A powerful new instrument designed to detect and study distant worlds is already delivering on its promise and McMaster University researchers are playing a key role in the science behind it.

The Near InfraRed Planet Searcher (NIRPS) is a high-resolution spectrograph mounted on the European Southern Observatory’s 3.6-metre telescope in Chile. It is designed to detect small, Earth-like planets orbiting cool, red stars known as M dwarfs — the most common stars in the galaxy.

NIRPS detects tiny shifts in a star’s motion, known as radial velocity changes, caused by the gravitational tug of orbiting planets. As a planet orbits, it pulls slightly on its star, causing the star to wobble back and forth. By measuring this wobble over time, scientists can detect the presence of planets, including ones that are too faint or far away to see directly.

“Precise radial velocity studies at infrared wavelengths have been notoriously difficult to conduct,” says Ryan Cloutier, an assistant professor of Physics and Astronomy and a core member of the NIRPS science team.

“For the first time, we’re achieving sub-metre-per-second radial velocity precision in the infrared — something that was previously only possible in visible light. That’s a game-changer for studying planets around M dwarfs, which emit most of their light in the infrared spectrum.”

NIRPS is also well suited for studying the atmospheres of distant planets and their host stars. Its infrared sensitivity allows astronomers to detect key chemical signatures in planetary atmospheres such as water vapour, helium and methane, while also giving insight into planetary interiors by detecting planetary building blocks in the star such as iron, magnesium and silicon.
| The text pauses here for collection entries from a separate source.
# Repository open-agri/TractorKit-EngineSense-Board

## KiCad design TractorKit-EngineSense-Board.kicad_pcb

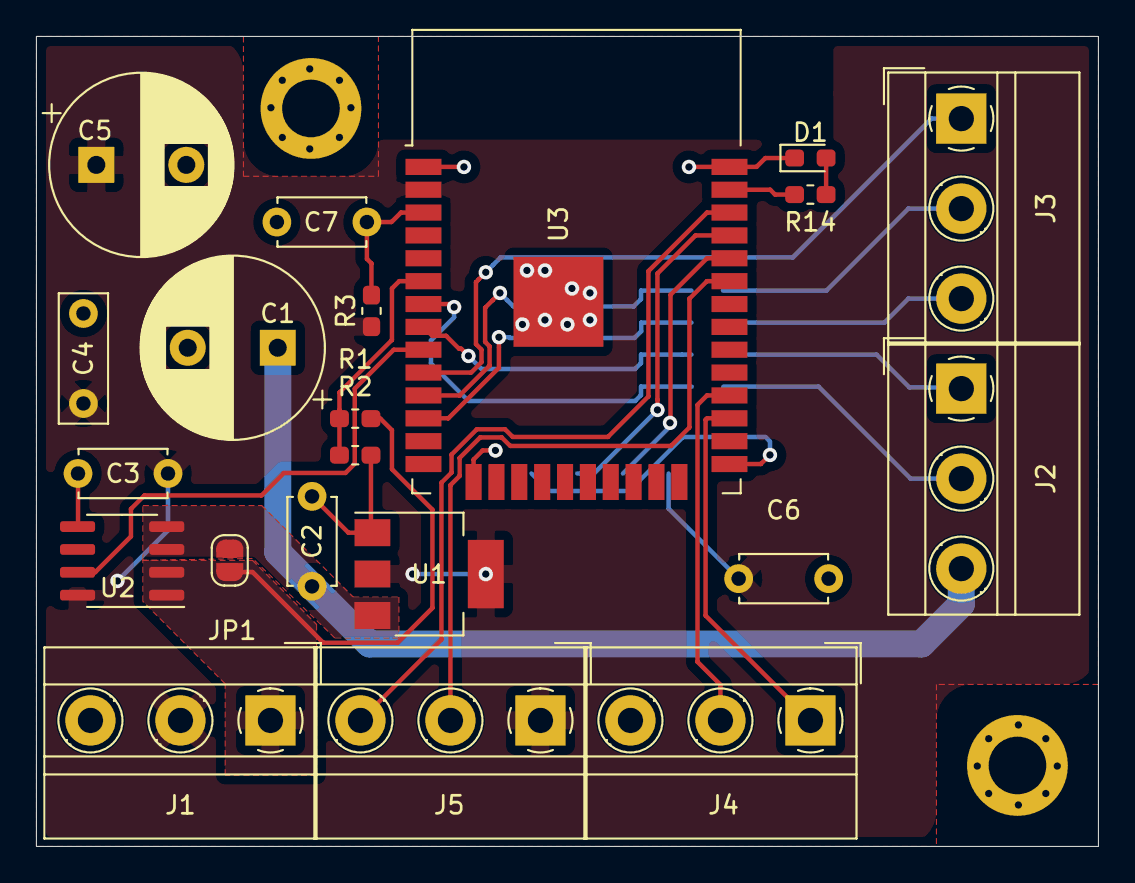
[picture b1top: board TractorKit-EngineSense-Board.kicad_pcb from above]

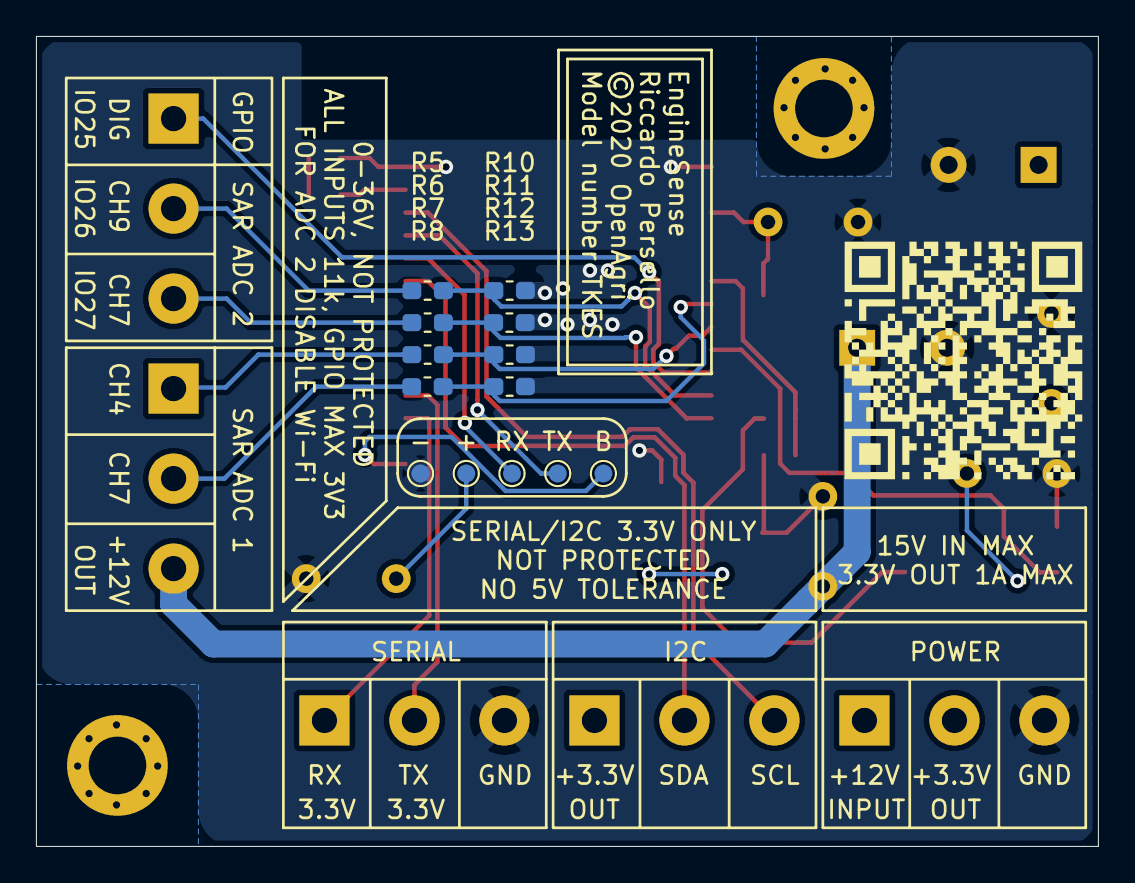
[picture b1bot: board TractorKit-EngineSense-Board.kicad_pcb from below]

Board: 2 copper layers, 59.0 x 45.0 mm, 37 parts (14 on the bottom side), 25 nets.

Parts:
 : MountingHole_3.2mm_M3_DIN965_Pad
 #2: MountingHole_3.2mm_M3_DIN965_Pad
 #3: open-agri.github.io_TKES1
+: SERVICE_3V3; TestPoint_Pad_D1.0mm
-: SERVICE_GND; TestPoint_Pad_D1.0mm
B: SERVICE_BOOT; TestPoint_Pad_D1.0mm
C1: 100u; CP_Radial_D10.0mm_P5.00mm
C2: 1u; C_Disc_D4.7mm_W2.5mm_P5.00mm
C3, C6, C7: 100n; C_Disc_D4.7mm_W2.5mm_P5.00mm
C4: 2.2u; C_Disc_D7.0mm_W2.5mm_P5.00mm
C5: 220u; CP_Radial_D10.0mm_P5.00mm
D1: LED; LED_0603_1608Metric_Pad1.05x0.95mm_HandSolder
J1: POWER; TerminalBlock_MetzConnect_Type011_RT05503HBWC_1x03_P5.00mm_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
J2: ADC1; TerminalBlock_MetzConnect_Type011_RT05503HBWC_1x03_P5.00mm_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
J3: ADC2; TerminalBlock_MetzConnect_Type011_RT05503HBWC_1x03_P5.00mm_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
J4: UART; TerminalBlock_MetzConnect_Type011_RT05503HBWC_1x03_P5.00mm_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
J5: I2C; TerminalBlock_MetzConnect_Type011_RT05503HBWC_1x03_P5.00mm_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
JP1: BYPASS; SolderJumper-2_P1.3mm_Open_RoundedPad1.0x1.5mm
R1, R3, R5, R6, R7, R8: 10k; R_0603_1608Metric_Pad1.05x0.95mm_HandSolder
R2, R10, R11, R12, R13: 1k; R_0603_1608Metric_Pad1.05x0.95mm_HandSolder
R14: R; R_0603_1608Metric_Pad1.05x0.95mm_HandSolder
RX: SERVICE_RX; TestPoint_Pad_D1.0mm
TX: SERVICE_TX; TestPoint_Pad_D1.0mm
U1: AMS1117-3.3; SOT-223-3_TabPin2
U2: ACS711xLCTR-12AB; SOIC-8_3.9x4.9mm_P1.27mm
U3: ESP32-WROOM-32

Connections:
+3V3: +.1, C3.1, C4.1, C5.1, C6.1, J1.2, J5.1, R3.1, U1.2, U2.8, U3.2
+12V: C1.1, C2.1, J2.3, JP1.1, U1.3, U2.3, U2.4
/12VIN: J1.1, JP1.2, R1.1, U2.1, U2.2
/ADC1_4: J2.1, R7.1
/ADC1_7: J2.2, R8.1
/ADC2_7: J3.3, R6.1
/ADC2_9: J3.2, R5.1
/AN_CURR: U2.7, U3.9
/AN_VOLT: R1.2, R2.1, U3.6
/DIGITAL: J3.1, U3.10
/PR_BOOT: B.1, U3.25
/PR_RX: RX.1, U3.34
/PR_TX: TX.1, U3.35
/RX: J4.1, U3.27
/SCL: J5.3, U3.36
/SDA: J5.2, U3.33
/TX: J4.2, U3.28
GND: -.1, C1.2, C2.2, C3.2, C4.2, C5.2, C6.2, C7.1, D1.1, J1.3, J4.3, R2.2, R10.2, R11.2, R12.2, R13.2, U1.1, U2.5, U3.1, U3.15, U3.38, U3.39
unnamed: C7.2, R3.2, U3.3
unnamed: D1.2, R14.2
unnamed: R5.2, R10.1, U3.11
unnamed: R6.2, R11.1, U3.12
unnamed: R7.2, R12.1, U3.8
unnamed: R8.2, R13.1, U3.7
unnamed: R14.1, U3.37

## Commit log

2020-07-23 Final schematic
2020-07-23 Final 2
2020-07-26 First complete draft.
2020-07-29 Moved to SMD components
2020-07-29 Holes with vias
2020-07-30 Ready for panelization

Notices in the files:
TractorKit-EngineSense-Board.kicad_pcb:
©2020 OpenAgri

NIRPS is the product of a decade-long collaboration between institutions in Canada, Switzerland, France, Brazil, Portugal and Spain, co-led by researchers at the Université de Montréal and the Université de Genève.

Since it began operating in April 2023, NIRPS has confirmed the presence of Proxima Centauri b — an Earth-like planet in the habitable zone of Proxima Centauri, the closest star to our sun — and hinted at the existence of a second, even smaller planet in the same system.

Cloutier helped shape the scientific goals of NIRPS during its early planning stages. His involvement as a core science team member makes McMaster a key player in the project’s next phase: discovery.

Cloutier now leads a team of McMaster students and postdoctoral researchers who are using NIRPS to explore how planets form and evolve around M dwarfs. Their work is part of the Guaranteed Time Observations (GTO) program, which grants the core science team exclusive access to hundreds of nights of telescope time.

One of the flagship GTO projects is the Core Mass Fraction program, led by Master’s student Drew Weisserman.

This study focuses on “hot super-Earths,” which are rocky planets slightly larger than Earth that orbit very close to their stars. By measuring the wobbles caused by these planets, Weisserman is determining their masses with extreme precision.

Combined with known planetary radii, these measurements allow researchers to infer the planets’ internal structures and determine how much of each planet is made up of iron versus silicate rock.

“If a planet has more iron than expected, it might be the result of a massive collision that stripped away its outer layers,” Cloutier explains.

“If it has less, it could mean the planet formed with a significant amount of water or other low-density materials. Either way, we’re learning about how these worlds came to be.”

To establish a baseline for these comparisons, PhD student Nicole Gromek developed software to measure the elemental composition of the stars themselves.

Her work, which involved analyzing complex infrared spectra of cool stars, is now being used across multiple NIRPS science programs.

Meanwhile, postdoctoral researcher Ares Osborn is leading the Deep-Search program, to characterize the global architectures of planetary systems that have at least one known planet, to see if there are additional planets in those systems, especially ones farther out from the star.

Finding these kinds of planets helps scientists understand how planetary systems are structured and how efficient the planet formation process is around M dwarfs.

“NIRPS is helping us understand the dominant formation and evolutionary processes of exoplanets around M dwarfs,” says Cloutier.

“Given the prevalence of M dwarfs throughout the Milky Way, that knowledge is essential to our understanding of how our solar system fits in the big picture.”